SUPPLIED DATA section start

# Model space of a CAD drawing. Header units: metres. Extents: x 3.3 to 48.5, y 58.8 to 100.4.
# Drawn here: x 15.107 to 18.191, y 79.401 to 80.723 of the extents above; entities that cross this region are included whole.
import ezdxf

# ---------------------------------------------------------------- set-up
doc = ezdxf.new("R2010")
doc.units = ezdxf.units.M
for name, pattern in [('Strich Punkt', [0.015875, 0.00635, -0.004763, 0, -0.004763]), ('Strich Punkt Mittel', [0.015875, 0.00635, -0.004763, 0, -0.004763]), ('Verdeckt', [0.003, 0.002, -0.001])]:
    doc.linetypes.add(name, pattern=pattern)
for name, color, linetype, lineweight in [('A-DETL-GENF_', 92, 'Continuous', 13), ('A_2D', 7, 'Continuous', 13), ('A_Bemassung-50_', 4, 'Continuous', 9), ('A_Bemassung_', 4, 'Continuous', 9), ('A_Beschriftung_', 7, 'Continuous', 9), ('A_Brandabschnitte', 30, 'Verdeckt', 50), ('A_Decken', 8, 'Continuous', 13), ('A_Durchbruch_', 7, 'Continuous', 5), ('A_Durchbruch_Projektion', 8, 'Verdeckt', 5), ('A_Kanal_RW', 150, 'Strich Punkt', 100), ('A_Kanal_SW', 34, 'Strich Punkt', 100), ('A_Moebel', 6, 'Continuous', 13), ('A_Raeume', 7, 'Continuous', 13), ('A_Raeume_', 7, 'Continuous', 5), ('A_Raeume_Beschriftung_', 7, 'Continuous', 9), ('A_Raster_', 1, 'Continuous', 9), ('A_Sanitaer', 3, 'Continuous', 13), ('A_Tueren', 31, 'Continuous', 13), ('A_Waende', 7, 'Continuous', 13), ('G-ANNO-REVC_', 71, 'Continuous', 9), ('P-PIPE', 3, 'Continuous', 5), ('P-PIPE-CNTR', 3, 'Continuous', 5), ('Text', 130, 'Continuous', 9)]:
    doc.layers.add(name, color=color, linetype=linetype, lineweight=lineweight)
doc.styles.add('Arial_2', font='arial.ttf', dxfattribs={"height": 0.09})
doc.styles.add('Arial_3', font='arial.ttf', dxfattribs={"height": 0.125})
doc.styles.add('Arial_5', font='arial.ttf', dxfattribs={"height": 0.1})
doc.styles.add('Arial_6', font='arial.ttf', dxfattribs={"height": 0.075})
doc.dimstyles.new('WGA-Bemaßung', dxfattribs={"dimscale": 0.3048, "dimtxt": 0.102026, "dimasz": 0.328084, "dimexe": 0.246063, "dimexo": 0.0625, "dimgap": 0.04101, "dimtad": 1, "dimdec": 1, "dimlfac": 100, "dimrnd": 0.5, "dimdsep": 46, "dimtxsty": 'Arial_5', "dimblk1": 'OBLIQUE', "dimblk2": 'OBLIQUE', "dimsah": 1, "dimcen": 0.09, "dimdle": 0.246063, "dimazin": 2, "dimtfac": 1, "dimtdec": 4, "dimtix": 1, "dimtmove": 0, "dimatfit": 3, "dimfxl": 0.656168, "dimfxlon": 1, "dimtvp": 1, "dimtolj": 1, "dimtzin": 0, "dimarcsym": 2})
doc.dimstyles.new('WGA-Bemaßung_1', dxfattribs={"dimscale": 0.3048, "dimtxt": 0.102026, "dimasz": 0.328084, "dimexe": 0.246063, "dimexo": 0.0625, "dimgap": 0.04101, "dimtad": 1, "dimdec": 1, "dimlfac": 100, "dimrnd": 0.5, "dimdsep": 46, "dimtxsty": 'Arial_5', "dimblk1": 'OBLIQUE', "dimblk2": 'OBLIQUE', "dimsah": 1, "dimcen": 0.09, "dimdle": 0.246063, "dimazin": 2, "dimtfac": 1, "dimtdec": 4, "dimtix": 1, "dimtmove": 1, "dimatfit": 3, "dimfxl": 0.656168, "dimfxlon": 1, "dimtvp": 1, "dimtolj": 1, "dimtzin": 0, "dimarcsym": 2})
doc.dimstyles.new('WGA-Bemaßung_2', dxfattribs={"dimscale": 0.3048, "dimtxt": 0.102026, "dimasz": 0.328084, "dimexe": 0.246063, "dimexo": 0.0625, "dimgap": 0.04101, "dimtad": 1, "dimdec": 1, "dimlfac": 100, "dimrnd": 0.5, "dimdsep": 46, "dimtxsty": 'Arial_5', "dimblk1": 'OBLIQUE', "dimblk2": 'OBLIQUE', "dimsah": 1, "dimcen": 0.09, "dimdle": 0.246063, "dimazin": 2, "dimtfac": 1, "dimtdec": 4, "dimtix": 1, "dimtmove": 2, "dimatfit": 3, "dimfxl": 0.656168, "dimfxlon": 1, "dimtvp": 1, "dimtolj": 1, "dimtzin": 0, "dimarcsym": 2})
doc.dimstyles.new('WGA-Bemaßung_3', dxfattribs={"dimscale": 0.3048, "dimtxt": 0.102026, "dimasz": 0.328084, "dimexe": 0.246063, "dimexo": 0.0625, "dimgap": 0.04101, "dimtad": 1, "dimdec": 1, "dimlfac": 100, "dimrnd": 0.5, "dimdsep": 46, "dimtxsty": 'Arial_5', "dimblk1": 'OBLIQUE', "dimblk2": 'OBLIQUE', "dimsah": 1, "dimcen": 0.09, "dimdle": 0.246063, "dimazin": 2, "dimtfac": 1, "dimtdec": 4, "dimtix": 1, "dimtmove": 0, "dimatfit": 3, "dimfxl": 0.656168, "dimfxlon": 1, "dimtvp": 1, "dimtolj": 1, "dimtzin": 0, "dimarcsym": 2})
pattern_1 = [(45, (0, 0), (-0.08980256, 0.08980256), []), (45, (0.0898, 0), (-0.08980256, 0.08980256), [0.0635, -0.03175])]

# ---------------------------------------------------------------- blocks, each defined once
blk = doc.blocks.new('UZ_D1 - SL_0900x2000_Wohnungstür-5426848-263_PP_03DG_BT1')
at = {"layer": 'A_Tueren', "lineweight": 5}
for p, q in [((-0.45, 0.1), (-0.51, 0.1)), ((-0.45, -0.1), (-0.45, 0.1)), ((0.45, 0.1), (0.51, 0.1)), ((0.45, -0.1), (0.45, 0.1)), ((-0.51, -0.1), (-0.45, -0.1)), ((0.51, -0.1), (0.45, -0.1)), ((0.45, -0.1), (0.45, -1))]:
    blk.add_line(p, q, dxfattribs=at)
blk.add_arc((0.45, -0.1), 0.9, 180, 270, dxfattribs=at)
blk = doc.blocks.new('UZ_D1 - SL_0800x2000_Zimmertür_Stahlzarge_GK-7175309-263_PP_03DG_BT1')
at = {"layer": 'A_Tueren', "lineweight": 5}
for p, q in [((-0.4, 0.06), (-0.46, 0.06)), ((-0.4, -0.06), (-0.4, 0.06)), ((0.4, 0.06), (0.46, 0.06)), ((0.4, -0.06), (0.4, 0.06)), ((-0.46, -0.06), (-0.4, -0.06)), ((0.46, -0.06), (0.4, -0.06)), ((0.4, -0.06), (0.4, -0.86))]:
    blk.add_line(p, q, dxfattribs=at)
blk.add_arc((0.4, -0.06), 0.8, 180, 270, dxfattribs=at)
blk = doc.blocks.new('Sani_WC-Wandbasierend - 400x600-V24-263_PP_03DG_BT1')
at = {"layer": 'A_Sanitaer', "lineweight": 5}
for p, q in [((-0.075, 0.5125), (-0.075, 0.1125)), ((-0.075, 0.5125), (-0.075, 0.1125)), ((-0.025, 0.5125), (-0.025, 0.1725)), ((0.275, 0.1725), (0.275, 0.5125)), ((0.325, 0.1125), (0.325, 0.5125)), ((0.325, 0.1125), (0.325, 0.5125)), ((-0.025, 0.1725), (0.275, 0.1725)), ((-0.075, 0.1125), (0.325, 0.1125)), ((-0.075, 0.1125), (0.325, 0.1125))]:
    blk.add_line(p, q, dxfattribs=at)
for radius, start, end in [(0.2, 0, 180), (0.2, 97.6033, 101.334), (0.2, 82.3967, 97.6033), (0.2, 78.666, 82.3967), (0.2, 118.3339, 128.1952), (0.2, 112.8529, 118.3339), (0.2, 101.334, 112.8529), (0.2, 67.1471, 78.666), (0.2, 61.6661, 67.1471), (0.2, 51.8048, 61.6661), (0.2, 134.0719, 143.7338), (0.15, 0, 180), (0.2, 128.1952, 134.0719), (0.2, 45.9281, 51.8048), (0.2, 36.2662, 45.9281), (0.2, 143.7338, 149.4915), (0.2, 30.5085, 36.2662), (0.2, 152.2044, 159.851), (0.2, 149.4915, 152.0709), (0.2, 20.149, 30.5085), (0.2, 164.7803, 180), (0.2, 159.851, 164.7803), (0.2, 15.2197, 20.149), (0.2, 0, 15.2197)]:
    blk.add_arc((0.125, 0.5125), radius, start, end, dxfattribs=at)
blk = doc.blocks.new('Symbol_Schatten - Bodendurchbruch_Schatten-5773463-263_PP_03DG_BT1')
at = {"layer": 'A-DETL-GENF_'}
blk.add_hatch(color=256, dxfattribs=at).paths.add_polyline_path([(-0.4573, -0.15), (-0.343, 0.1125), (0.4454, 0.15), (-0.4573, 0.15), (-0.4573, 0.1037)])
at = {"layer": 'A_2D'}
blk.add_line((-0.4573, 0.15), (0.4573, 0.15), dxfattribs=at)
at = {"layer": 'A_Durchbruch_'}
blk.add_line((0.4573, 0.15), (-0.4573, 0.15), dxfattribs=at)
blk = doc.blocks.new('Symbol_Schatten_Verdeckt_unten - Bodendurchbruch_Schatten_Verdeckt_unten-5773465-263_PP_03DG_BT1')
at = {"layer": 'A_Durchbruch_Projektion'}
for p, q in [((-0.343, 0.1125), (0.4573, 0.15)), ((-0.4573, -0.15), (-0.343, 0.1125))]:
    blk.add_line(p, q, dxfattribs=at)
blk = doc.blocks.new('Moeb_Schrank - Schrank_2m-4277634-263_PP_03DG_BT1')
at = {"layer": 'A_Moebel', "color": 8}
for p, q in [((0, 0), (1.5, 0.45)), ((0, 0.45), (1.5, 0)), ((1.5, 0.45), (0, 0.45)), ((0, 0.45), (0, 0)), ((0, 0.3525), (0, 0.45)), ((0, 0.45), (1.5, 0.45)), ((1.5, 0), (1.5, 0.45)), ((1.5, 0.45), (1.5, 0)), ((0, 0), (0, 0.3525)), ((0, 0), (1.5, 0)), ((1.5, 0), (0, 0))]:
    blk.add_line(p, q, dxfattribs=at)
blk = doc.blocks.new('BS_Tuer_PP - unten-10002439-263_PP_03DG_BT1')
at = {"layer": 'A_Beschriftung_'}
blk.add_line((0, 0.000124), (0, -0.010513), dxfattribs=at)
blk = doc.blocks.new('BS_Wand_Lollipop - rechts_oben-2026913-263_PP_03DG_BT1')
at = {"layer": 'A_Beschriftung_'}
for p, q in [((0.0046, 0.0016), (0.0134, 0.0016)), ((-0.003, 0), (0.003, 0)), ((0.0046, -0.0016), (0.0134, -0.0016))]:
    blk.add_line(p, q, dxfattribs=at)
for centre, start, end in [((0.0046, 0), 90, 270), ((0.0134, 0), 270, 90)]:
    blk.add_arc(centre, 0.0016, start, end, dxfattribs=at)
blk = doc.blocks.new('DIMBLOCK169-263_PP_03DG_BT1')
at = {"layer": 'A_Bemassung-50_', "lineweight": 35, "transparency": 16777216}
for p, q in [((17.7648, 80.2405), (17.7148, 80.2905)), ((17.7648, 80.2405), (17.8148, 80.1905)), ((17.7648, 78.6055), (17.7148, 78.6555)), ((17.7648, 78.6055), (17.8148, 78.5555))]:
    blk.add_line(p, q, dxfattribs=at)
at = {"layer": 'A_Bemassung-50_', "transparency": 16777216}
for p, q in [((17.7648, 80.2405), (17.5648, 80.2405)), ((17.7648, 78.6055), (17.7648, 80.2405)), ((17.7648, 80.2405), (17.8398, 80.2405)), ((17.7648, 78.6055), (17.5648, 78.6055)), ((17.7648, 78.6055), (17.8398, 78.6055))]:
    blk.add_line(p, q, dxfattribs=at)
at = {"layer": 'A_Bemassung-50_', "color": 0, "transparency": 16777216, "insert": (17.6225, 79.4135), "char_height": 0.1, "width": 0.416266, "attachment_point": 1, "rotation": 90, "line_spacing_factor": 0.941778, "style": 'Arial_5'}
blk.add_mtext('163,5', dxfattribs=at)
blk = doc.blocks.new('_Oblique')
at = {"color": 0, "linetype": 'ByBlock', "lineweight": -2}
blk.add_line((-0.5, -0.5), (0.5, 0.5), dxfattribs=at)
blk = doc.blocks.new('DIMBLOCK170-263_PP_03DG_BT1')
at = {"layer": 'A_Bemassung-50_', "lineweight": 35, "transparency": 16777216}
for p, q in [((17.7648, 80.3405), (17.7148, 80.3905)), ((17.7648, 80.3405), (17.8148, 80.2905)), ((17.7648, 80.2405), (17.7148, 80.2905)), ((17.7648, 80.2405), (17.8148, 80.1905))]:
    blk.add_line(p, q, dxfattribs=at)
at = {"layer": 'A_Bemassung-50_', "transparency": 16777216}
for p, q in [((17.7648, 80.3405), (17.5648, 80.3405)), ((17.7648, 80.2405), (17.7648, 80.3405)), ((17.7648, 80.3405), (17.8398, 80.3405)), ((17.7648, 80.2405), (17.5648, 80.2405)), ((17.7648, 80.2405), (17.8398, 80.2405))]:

SUPPLIED DATA section end

WHAT YOU HAVE TO DO.
From the records above, quote only the lines running from the line with "doc.units = ezdxf.units.M" to the line with "doc.linetypes.add(name, pattern=pattern)", both lines included.

ANSWER FOR THE TASK.
doc.units = ezdxf.units.M
for name, pattern in [('Strich Punkt', [0.015875, 0.00635, -0.004763, 0, -0.004763]), ('Strich Punkt Mittel', [0.015875, 0.00635, -0.004763, 0, -0.004763]), ('Verdeckt', [0.003, 0.002, -0.001])]:
    doc.linetypes.add(name, pattern=pattern)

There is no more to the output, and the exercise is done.